Espera-se que o novo Governo, nesta, como outras áreas, dê sinais de determinação, reforçando a autonomia nacional e evidenciando consistência na sua actuação, mas de forma sistémica e genérica, e não de forma particular e reactiva. O irmão Didinho tem vindo a chamar, com razão, a atenção para a importância do «estilo» de liderança, rompendo com os erros do passado, quando arrogância e prepotência eram a «imagem de marca» do PAIGC, servindo apenas para camuflar a incompetência e inconsistência, redundando num exercício de pura mediocridade (os resultados de quarenta anos dessa política estão à vista).
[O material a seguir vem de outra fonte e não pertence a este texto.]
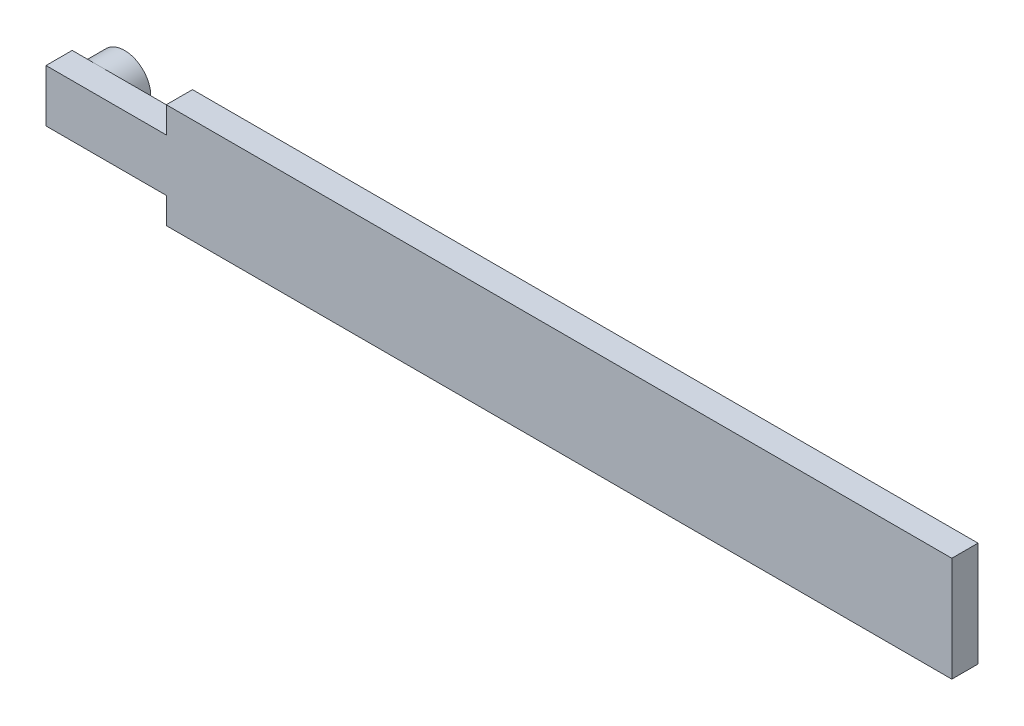
ISO-10303-21;
HEADER;
FILE_DESCRIPTION(('STEP AP214'),'2;1');
FILE_NAME('part.step','',(''),(''),'','','');
FILE_SCHEMA(('AUTOMOTIVE_DESIGN { 1 0 10303 214 1 1 1 1 }'));
ENDSEC;
DATA;
#1=APPLICATION_CONTEXT('core data for automotive mechanical design processes');
#2=APPLICATION_PROTOCOL_DEFINITION('international standard','automotive_design',2000,#1);
#3=PRODUCT_CONTEXT('',#1,'mechanical');
#4=PRODUCT('Part','Part','',(#3));
#5=PRODUCT_RELATED_PRODUCT_CATEGORY('part','',(#4));
#6=PRODUCT_DEFINITION_FORMATION('','',#4);
#7=PRODUCT_DEFINITION_CONTEXT('part definition',#1,'design');
#8=PRODUCT_DEFINITION('design','',#6,#7);
#9=PRODUCT_DEFINITION_SHAPE('','',#8);
#10=(LENGTH_UNIT() NAMED_UNIT(*) SI_UNIT(.MILLI.,.METRE.));
#11=(NAMED_UNIT(*) PLANE_ANGLE_UNIT() SI_UNIT($,.RADIAN.));
#12=(NAMED_UNIT(*) SI_UNIT($,.STERADIAN.) SOLID_ANGLE_UNIT());
#13=UNCERTAINTY_MEASURE_WITH_UNIT(LENGTH_MEASURE(1.E-05),#10,'distance_accuracy_value','');
#14=(GEOMETRIC_REPRESENTATION_CONTEXT(3) GLOBAL_UNCERTAINTY_ASSIGNED_CONTEXT((#13)) GLOBAL_UNIT_ASSIGNED_CONTEXT((#10,
#11,#12)) REPRESENTATION_CONTEXT('',''));
#15=CARTESIAN_POINT('',(0.,0.,0.));
#16=DIRECTION('',(0.,0.,1.));
#17=DIRECTION('',(1.,0.,0.));
#18=AXIS2_PLACEMENT_3D('',#15,#16,#17);
#19=CARTESIAN_POINT('',(0.,0.,0.));
#20=DIRECTION('',(0.,0.,-1.));
#21=DIRECTION('',(-1.,0.,0.));
#22=AXIS2_PLACEMENT_3D('',#19,#20,#21);
#23=PLANE('',#22);
#24=CARTESIAN_POINT('',(-92.9701305862705,0.,0.));
#25=DIRECTION('',(0.,0.,-1.));
#26=DIRECTION('',(-1.,0.,0.));
#27=AXIS2_PLACEMENT_3D('',#24,#25,#26);
#28=CIRCLE('',#27,5.);
#29=CARTESIAN_POINT('',(-97.9701305862705,0.,0.));
#30=VERTEX_POINT('',#29);
#31=CARTESIAN_POINT('',(-92.9701305862705,5.,0.));
#32=VERTEX_POINT('',#31);
#33=EDGE_CURVE('E48',#30,#32,#28,.T.);
#34=ORIENTED_EDGE('',*,*,#33,.F.);
#35=DIRECTION('',(0.,1.,0.));
#36=VECTOR('',#35,1.);
#37=CARTESIAN_POINT('',(-97.9701305862705,-4.99999999999999,0.));
#38=LINE('',#37,#36);
#39=CARTESIAN_POINT('',(-97.9701305862705,5.,0.));
#40=VERTEX_POINT('',#39);
#41=EDGE_CURVE('E118',#30,#40,#38,.T.);
#42=ORIENTED_EDGE('',*,*,#41,.T.);
#43=DIRECTION('',(-1.,0.,0.));
#44=VECTOR('',#43,1.);
#45=CARTESIAN_POINT('',(-75.,5.,0.));
#46=LINE('',#45,#44);
#47=EDGE_CURVE('E117',#32,#40,#46,.T.);
#48=ORIENTED_EDGE('',*,*,#47,.F.);
#49=EDGE_LOOP('',(#34,#42,#48));
#50=FACE_BOUND('',#49,.T.);
#51=ADVANCED_FACE('F37',(#50),#23,.T.);
#52=CARTESIAN_POINT('',(-92.9701305862705,-5.,0.));
#53=VERTEX_POINT('',#52);
#54=EDGE_CURVE('E11',#32,#53,#28,.T.);
#55=ORIENTED_EDGE('',*,*,#54,.F.);
#56=CARTESIAN_POINT('',(-75.,5.,0.));
#57=VERTEX_POINT('',#56);
#58=EDGE_CURVE('E142',#57,#32,#46,.T.);
#59=ORIENTED_EDGE('',*,*,#58,.F.);
#60=DIRECTION('',(0.,1.,0.));
#61=VECTOR('',#60,1.);
#62=CARTESIAN_POINT('',(-75.,5.,0.));
#63=LINE('',#62,#61);
#64=CARTESIAN_POINT('',(-75.,10.,0.));
#65=VERTEX_POINT('',#64);
#66=EDGE_CURVE('E159',#57,#65,#63,.T.);
#67=ORIENTED_EDGE('',*,*,#66,.T.);
#68=DIRECTION('',(1.,0.,0.));
#69=VECTOR('',#68,1.);
#70=CARTESIAN_POINT('',(-75.,10.,0.));
#71=LINE('',#70,#69);
#72=CARTESIAN_POINT('',(75.,10.,0.));
#73=VERTEX_POINT('',#72);
#74=EDGE_CURVE('E162',#65,#73,#71,.T.);
#75=ORIENTED_EDGE('',*,*,#74,.T.);
#76=DIRECTION('',(0.,1.,0.));
#77=VECTOR('',#76,1.);
#78=CARTESIAN_POINT('',(75.,-10.,0.));
#79=LINE('',#78,#77);
#80=CARTESIAN_POINT('',(75.,-10.,0.));
#81=VERTEX_POINT('',#80);
#82=EDGE_CURVE('E165',#81,#73,#79,.T.);
#83=ORIENTED_EDGE('',*,*,#82,.F.);
#84=DIRECTION('',(1.,0.,0.));
#85=VECTOR('',#84,1.);
#86=CARTESIAN_POINT('',(-75.,-10.,0.));
#87=LINE('',#86,#85);
#88=CARTESIAN_POINT('',(-75.,-10.,0.));
#89=VERTEX_POINT('',#88);
#90=EDGE_CURVE('E168',#89,#81,#87,.T.);
#91=ORIENTED_EDGE('',*,*,#90,.F.);
#92=DIRECTION('',(0.,1.,0.));
#93=VECTOR('',#92,1.);
#94=CARTESIAN_POINT('',(-75.,-10.,0.));
#95=LINE('',#94,#93);
#96=CARTESIAN_POINT('',(-75.,-5.,0.));
#97=VERTEX_POINT('',#96);
#98=EDGE_CURVE('E170',#89,#97,#95,.T.);
#99=ORIENTED_EDGE('',*,*,#98,.T.);
#100=DIRECTION('',(-1.,0.,0.));
#101=VECTOR('',#100,1.);
#102=CARTESIAN_POINT('',(-75.,-5.,0.));
#103=LINE('',#102,#101);
#104=EDGE_CURVE('E128',#97,#53,#103,.T.);
#105=ORIENTED_EDGE('',*,*,#104,.T.);
#106=EDGE_LOOP('',(#55,#59,#67,#75,#83,#91,#99,#105));
#107=FACE_BOUND('',#106,.T.);
#108=ADVANCED_FACE('F194',(#107),#23,.T.);
#109=CARTESIAN_POINT('',(-75.,5.,5.));
#110=DIRECTION('',(-1.,0.,0.));
#111=DIRECTION('',(0.,-1.,0.));
#112=AXIS2_PLACEMENT_3D('',#109,#110,#111);
#113=PLANE('',#112);
#114=ORIENTED_EDGE('',*,*,#66,.F.);
#115=DIRECTION('',(0.,0.,-1.));
#116=VECTOR('',#115,1.);
#117=CARTESIAN_POINT('',(-75.,5.,5.));
#118=LINE('',#117,#116);
#119=CARTESIAN_POINT('',(-75.,5.,5.));
#120=VERTEX_POINT('',#119);
#121=EDGE_CURVE('E134',#120,#57,#118,.T.);
#122=ORIENTED_EDGE('',*,*,#121,.F.);
#123=DIRECTION('',(0.,1.,0.));
#124=VECTOR('',#123,1.);
#125=CARTESIAN_POINT('',(-75.,5.,5.));
#126=LINE('',#125,#124);
#127=CARTESIAN_POINT('',(-75.,10.,5.));
#128=VERTEX_POINT('',#127);
#129=EDGE_CURVE('E138',#120,#128,#126,.T.);
#130=ORIENTED_EDGE('',*,*,#129,.T.);
#131=DIRECTION('',(0.,0.,-1.));
#132=VECTOR('',#131,1.);
#133=CARTESIAN_POINT('',(-75.,10.,5.));
#134=LINE('',#133,#132);
#135=EDGE_CURVE('E41',#128,#65,#134,.T.);
#136=ORIENTED_EDGE('',*,*,#135,.T.);
#137=EDGE_LOOP('',(#114,#122,#130,#136));
#138=FACE_BOUND('',#137,.T.);
#139=ADVANCED_FACE('F39',(#138),#113,.T.);
#140=CARTESIAN_POINT('',(-75.,5.,5.));
#141=DIRECTION('',(0.,-1.,0.));
#142=DIRECTION('',(1.,0.,0.));
#143=AXIS2_PLACEMENT_3D('',#140,#141,#142);
#144=PLANE('',#143);
#145=ORIENTED_EDGE('',*,*,#58,.T.);
#146=ORIENTED_EDGE('',*,*,#47,.T.);
#147=DIRECTION('',(0.,0.,-1.));
#148=VECTOR('',#147,1.);
#149=CARTESIAN_POINT('',(-97.9701305862705,5.,5.));
#150=LINE('',#149,#148);
#151=CARTESIAN_POINT('',(-97.9701305862705,5.,5.));
#152=VERTEX_POINT('',#151);
#153=EDGE_CURVE('E126',#152,#40,#150,.T.);
#154=ORIENTED_EDGE('',*,*,#153,.F.);
#155=DIRECTION('',(-1.,0.,0.));
#156=VECTOR('',#155,1.);
#157=CARTESIAN_POINT('',(-75.,5.,5.));
#158=LINE('',#157,#156);
#159=EDGE_CURVE('E157',#120,#152,#158,.T.);
#160=ORIENTED_EDGE('',*,*,#159,.F.);
#161=ORIENTED_EDGE('',*,*,#121,.T.);
#162=EDGE_LOOP('',(#145,#146,#154,#160,#161));
#163=FACE_BOUND('',#162,.T.);
#164=ADVANCED_FACE('F196',(#163),#144,.F.);
#165=CARTESIAN_POINT('',(-97.9701305862705,-4.99999999999999,5.));
#166=DIRECTION('',(-1.,0.,0.));
#167=DIRECTION('',(0.,0.,1.));
#168=AXIS2_PLACEMENT_3D('',#165,#166,#167);
#169=PLANE('',#168);
#170=CARTESIAN_POINT('',(-97.9701305862705,-4.99999999999999,0.));
#171=VERTEX_POINT('',#170);
#172=EDGE_CURVE('E111',#171,#30,#38,.T.);
#173=ORIENTED_EDGE('',*,*,#172,.F.);
#174=DIRECTION('',(0.,0.,-1.));
#175=VECTOR('',#174,1.);
#176=CARTESIAN_POINT('',(-97.9701305862705,-4.99999999999999,5.));
#177=LINE('',#176,#175);
#178=CARTESIAN_POINT('',(-97.9701305862705,-4.99999999999999,5.));
#179=VERTEX_POINT('',#178);
#180=EDGE_CURVE('E176',#179,#171,#177,.T.);
#181=ORIENTED_EDGE('',*,*,#180,.F.);
#182=DIRECTION('',(0.,1.,0.));
#183=VECTOR('',#182,1.);
#184=CARTESIAN_POINT('',(-97.9701305862705,-4.99999999999999,5.));
#185=LINE('',#184,#183);
#186=EDGE_CURVE('E155',#179,#152,#185,.T.);
#187=ORIENTED_EDGE('',*,*,#186,.T.);
#188=ORIENTED_EDGE('',*,*,#153,.T.);
#189=ORIENTED_EDGE('',*,*,#41,.F.);
#190=EDGE_LOOP('',(#173,#181,#187,#188,#189));
#191=FACE_BOUND('',#190,.T.);
#192=ADVANCED_FACE('F123',(#191),#169,.T.);
#193=CARTESIAN_POINT('',(-75.,-5.,5.));
#194=DIRECTION('',(0.,-1.,0.));
#195=DIRECTION('',(1.,0.,0.));
#196=AXIS2_PLACEMENT_3D('',#193,#194,#195);
#197=PLANE('',#196);
#198=ORIENTED_EDGE('',*,*,#104,.F.);
#199=DIRECTION('',(0.,0.,-1.));
#200=VECTOR('',#199,1.);
#201=CARTESIAN_POINT('',(-75.,-5.,5.));
#202=LINE('',#201,#200);
#203=CARTESIAN_POINT('',(-75.,-5.,5.));
#204=VERTEX_POINT('',#203);
#205=EDGE_CURVE('E178',#204,#97,#202,.T.);
#206=ORIENTED_EDGE('',*,*,#205,.F.);
#207=DIRECTION('',(-1.,0.,0.));
#208=VECTOR('',#207,1.);
#209=CARTESIAN_POINT('',(-75.,-5.,5.));
#210=LINE('',#209,#208);
#211=EDGE_CURVE('E152',#204,#179,#210,.T.);
#212=ORIENTED_EDGE('',*,*,#211,.T.);
#213=ORIENTED_EDGE('',*,*,#180,.T.);
#214=EDGE_CURVE('E114',#53,#171,#103,.T.);
#215=ORIENTED_EDGE('',*,*,#214,.F.);
#216=EDGE_LOOP('',(#198,#206,#212,#213,#215));
#217=FACE_BOUND('',#216,.T.);
#218=ADVANCED_FACE('F215',(#217),#197,.T.);
#219=CARTESIAN_POINT('',(-75.,-10.,5.));
#220=DIRECTION('',(-1.,0.,0.));
#221=DIRECTION('',(0.,-1.,0.));
#222=AXIS2_PLACEMENT_3D('',#219,#220,#221);
#223=PLANE('',#222);
#224=ORIENTED_EDGE('',*,*,#98,.F.);
#225=DIRECTION('',(0.,0.,-1.));
#226=VECTOR('',#225,1.);
#227=CARTESIAN_POINT('',(-75.,-10.,5.));
#228=LINE('',#227,#226);
#229=CARTESIAN_POINT('',(-75.,-10.,5.));
#230=VERTEX_POINT('',#229);
#231=EDGE_CURVE('E180',#230,#89,#228,.T.);
#232=ORIENTED_EDGE('',*,*,#231,.F.);
#233=DIRECTION('',(0.,1.,0.));
#234=VECTOR('',#233,1.);
#235=CARTESIAN_POINT('',(-75.,-10.,5.));
#236=LINE('',#235,#234);
#237=EDGE_CURVE('E149',#230,#204,#236,.T.);
#238=ORIENTED_EDGE('',*,*,#237,.T.);
#239=ORIENTED_EDGE('',*,*,#205,.T.);
#240=EDGE_LOOP('',(#224,#232,#238,#239));
#241=FACE_BOUND('',#240,.T.);
#242=ADVANCED_FACE('F211',(#241),#223,.T.);
#243=CARTESIAN_POINT('',(-75.,-10.,5.));
#244=DIRECTION('',(0.,1.,0.));
#245=DIRECTION('',(-1.,0.,0.));
#246=AXIS2_PLACEMENT_3D('',#243,#244,#245);
#247=PLANE('',#246);
#248=ORIENTED_EDGE('',*,*,#90,.T.);
#249=DIRECTION('',(0.,0.,-1.));
#250=VECTOR('',#249,1.);
#251=CARTESIAN_POINT('',(75.,-10.,5.));
#252=LINE('',#251,#250);
#253=CARTESIAN_POINT('',(75.,-10.,5.));
#254=VERTEX_POINT('',#253);
#255=EDGE_CURVE('E182',#254,#81,#252,.T.);
#256=ORIENTED_EDGE('',*,*,#255,.F.);
#257=DIRECTION('',(1.,0.,0.));
#258=VECTOR('',#257,1.);
#259=CARTESIAN_POINT('',(-75.,-10.,5.));
#260=LINE('',#259,#258);
#261=EDGE_CURVE('E147',#230,#254,#260,.T.);
#262=ORIENTED_EDGE('',*,*,#261,.F.);
#263=ORIENTED_EDGE('',*,*,#231,.T.);
#264=EDGE_LOOP('',(#248,#256,#262,#263));
#265=FACE_BOUND('',#264,.T.);
#266=ADVANCED_FACE('F222',(#265),#247,.F.);
#267=CARTESIAN_POINT('',(75.,-10.,5.));
#268=DIRECTION('',(-1.,0.,0.));
#269=DIRECTION('',(0.,0.,1.));
#270=AXIS2_PLACEMENT_3D('',#267,#268,#269);
#271=PLANE('',#270);
#272=ORIENTED_EDGE('',*,*,#82,.T.);
#273=DIRECTION('',(0.,0.,-1.));
#274=VECTOR('',#273,1.);
#275=CARTESIAN_POINT('',(75.,10.,5.));
#276=LINE('',#275,#274);
#277=CARTESIAN_POINT('',(75.,10.,5.));
#278=VERTEX_POINT('',#277);
#279=EDGE_CURVE('E184',#278,#73,#276,.T.);
#280=ORIENTED_EDGE('',*,*,#279,.F.);
#281=DIRECTION('',(0.,1.,0.));
#282=VECTOR('',#281,1.);
#283=CARTESIAN_POINT('',(75.,-10.,5.));
#284=LINE('',#283,#282);
#285=EDGE_CURVE('E145',#254,#278,#284,.T.);
#286=ORIENTED_EDGE('',*,*,#285,.F.);
#287=ORIENTED_EDGE('',*,*,#255,.T.);
#288=EDGE_LOOP('',(#272,#280,#286,#287));
#289=FACE_BOUND('',#288,.T.);
#290=ADVANCED_FACE('F206',(#289),#271,.F.);
#291=CARTESIAN_POINT('',(-75.,10.,5.));
#292=DIRECTION('',(0.,1.,0.));
#293=DIRECTION('',(0.,0.,1.));
#294=AXIS2_PLACEMENT_3D('',#291,#292,#293);
#295=PLANE('',#294);
#296=ORIENTED_EDGE('',*,*,#74,.F.);
#297=ORIENTED_EDGE('',*,*,#135,.F.);
#298=DIRECTION('',(1.,0.,0.));
#299=VECTOR('',#298,1.);
#300=CARTESIAN_POINT('',(-75.,10.,5.));
#301=LINE('',#300,#299);
#302=EDGE_CURVE('E141',#128,#278,#301,.T.);
#303=ORIENTED_EDGE('',*,*,#302,.T.);
#304=ORIENTED_EDGE('',*,*,#279,.T.);
#305=EDGE_LOOP('',(#296,#297,#303,#304));
#306=FACE_BOUND('',#305,.T.);
#307=ADVANCED_FACE('F192',(#306),#295,.T.);
#308=CARTESIAN_POINT('',(0.,0.,5.));
#309=DIRECTION('',(0.,0.,-1.));
#310=DIRECTION('',(-1.,0.,0.));
#311=AXIS2_PLACEMENT_3D('',#308,#309,#310);
#312=PLANE('',#311);
#313=ORIENTED_EDGE('',*,*,#129,.F.);
#314=ORIENTED_EDGE('',*,*,#159,.T.);
#315=ORIENTED_EDGE('',*,*,#186,.F.);
#316=ORIENTED_EDGE('',*,*,#211,.F.);
#317=ORIENTED_EDGE('',*,*,#237,.F.);
#318=ORIENTED_EDGE('',*,*,#261,.T.);
#319=ORIENTED_EDGE('',*,*,#285,.T.);
#320=ORIENTED_EDGE('',*,*,#302,.F.);
#321=EDGE_LOOP('',(#313,#314,#315,#316,#317,#318,#319,#320));
#322=FACE_BOUND('',#321,.T.);
#323=ADVANCED_FACE('F200',(#322),#312,.F.);
#324=EDGE_CURVE('E46',#53,#30,#28,.T.);
#325=ORIENTED_EDGE('',*,*,#324,.F.);
#326=ORIENTED_EDGE('',*,*,#214,.T.);
#327=ORIENTED_EDGE('',*,*,#172,.T.);
#328=EDGE_LOOP('',(#325,#326,#327));
#329=FACE_BOUND('',#328,.T.);
#330=ADVANCED_FACE('F113',(#329),#23,.T.);
#331=CARTESIAN_POINT('',(-92.9701305862705,0.,-5.));
#332=DIRECTION('',(0.,0.,1.));
#333=DIRECTION('',(1.,0.,0.));
#334=AXIS2_PLACEMENT_3D('',#331,#332,#333);
#335=CYLINDRICAL_SURFACE('',#334,5.);
#336=CARTESIAN_POINT('',(-92.9701305862705,0.,-5.));
#337=DIRECTION('',(0.,0.,-1.));
#338=DIRECTION('',(-1.,0.,0.));
#339=AXIS2_PLACEMENT_3D('',#336,#337,#338);
#340=CIRCLE('',#339,5.);
#341=CARTESIAN_POINT('',(-97.9701305862705,0.,-5.));
#342=VERTEX_POINT('',#341);
#343=EDGE_CURVE('E132',#342,#342,#340,.T.);
#344=ORIENTED_EDGE('',*,*,#343,.F.);
#345=EDGE_LOOP('',(#344));
#346=FACE_BOUND('',#345,.T.);
#347=ORIENTED_EDGE('',*,*,#33,.T.);
#348=ORIENTED_EDGE('',*,*,#54,.T.);
#349=ORIENTED_EDGE('',*,*,#324,.T.);
#350=EDGE_LOOP('',(#347,#348,#349));
#351=FACE_BOUND('',#350,.T.);
#352=ADVANCED_FACE('F133',(#346,#351),#335,.T.);
#353=CARTESIAN_POINT('',(-92.9701305862705,0.,-5.));
#354=DIRECTION('',(0.,0.,-1.));
#355=DIRECTION('',(-1.,0.,0.));
#356=AXIS2_PLACEMENT_3D('',#353,#354,#355);
#357=PLANE('',#356);
#358=ORIENTED_EDGE('',*,*,#343,.T.);
#359=EDGE_LOOP('',(#358));
#360=FACE_BOUND('',#359,.T.);
#361=ADVANCED_FACE('F237',(#360),#357,.T.);
#362=CLOSED_SHELL('',(#51,#108,#139,#164,#192,#218,#242,#266,#290,#307,#323,#330,#352,#361));
#363=MANIFOLD_SOLID_BREP('B2',#362);
#364=ADVANCED_BREP_SHAPE_REPRESENTATION('',(#18,#363),#14);
#365=SHAPE_DEFINITION_REPRESENTATION(#9,#364);
ENDSEC;
END-ISO-10303-21;

E Didinho tem legitimidade para o fazer, pois há uma década que escreve publicamente, mantendo a sua independência e contributo positivo «avisando» para os «desvios», regra geral, com carácter «premonitório».

«Quem te avisa, teu amigo é». Lembro-me de um texto de Didinho com algum tempo já, mas perfeitamente actual, em que explicava como o golpe de 12 de Abril tinha sido construído por uma série de «pequenos golpes» que foram sendo dados na Lei, pelas recorrentes machadadas de hipocrisia na legalidade...

segunda-feira, 4 de agosto de 2014

Um erro por sílaba

O balofo Secretário de Estado das Comunidades, em acrescentamento (aliás, entretanto já desactualizado, mas ainda on-line) aos elementos que constavam na página de informações destinadas aos portugueses que pretendem viajar para a Guiné-Bissau (coisa impensável, que o mesmo desaconselha vivamente):

«Os portugueses cuja estadia se prolongue na Guiné-Bissau devem imperetrivelmente proceder à sua inscrição na secção consular da Embaixada de Portugal em Bissau»


Engraçado o Secretário de Estado, dando uma de Big Brother, sem esclarecer a «obrigação» ou fundamentar o seu «direito». Quantos às facadas na língua oficial do seu país, nem se fala. Uma jóia!

Data

Faz hoje 30 anos que Thomas Sankara ascendeu ao poder no antigo Alto Volta, cuja designação viria a alterar para a actual, de Burkina Faso. Uma semana antes de morrer, conhecendo o seu destino, afirmaria que «podem matar o homem, mas não as ideias». Um belo exemplo que poderá servir de inspiração aos actuais dirigentes da Guiné-Bissau, como modelo de governação. Precursor dos direitos da mulher e da abolição da excisão, defensor da sustentabilidade económica e da autonomia alimentar («quem nos dá de comer dita a sua vontade»), desfez-se da frota de Mercedes de serviço do Estado, substituindo-os pelos carros mais baratos do mercado, o Renault 5, fixou-se um ordenado de pouco mais de $400, praticou uma política de industrialização ligeira no sector têxtil, lançou uma enorme campanha de plantação de árvores, para lutar contra a desertificação... O seu percurso merece estudo e admiração. A sua identificação política com o marxismo e o seu carácter irredutível, o seu discurso de independência face à França, antiga potência colonial (Miterrand seria humilhado numa deslocação ao país), conduziu à sua perda, da qual manifestou perfeita consciência: entrevistado pela televisão francesa pouco antes do seu assassinato, traído pelo seu melhor amigo e companheiro de armas (o ainda actual presidente do país), um Sankara cansado, mas como poeta dotado de grande carisma, oferece uma magnífica imagem alegórica: «Tenho um dilema. Sou como um ciclista, que pedala numa rampa inclinada, ladeada de precipícios por ambos os lados. Se deixo de pedalar, caio.» Esse é, para mim, o seu maior exemplo e a sua maior glória. A vontade inabalável. Como Cabral, os homens «perigosos» para o sistema, se, regra geral, acabam mortos à traição, são responsáveis por grandes saltos mentais.

Por falar em teimosia, hoje também se memora o dia fatal de Alcácer Quibir.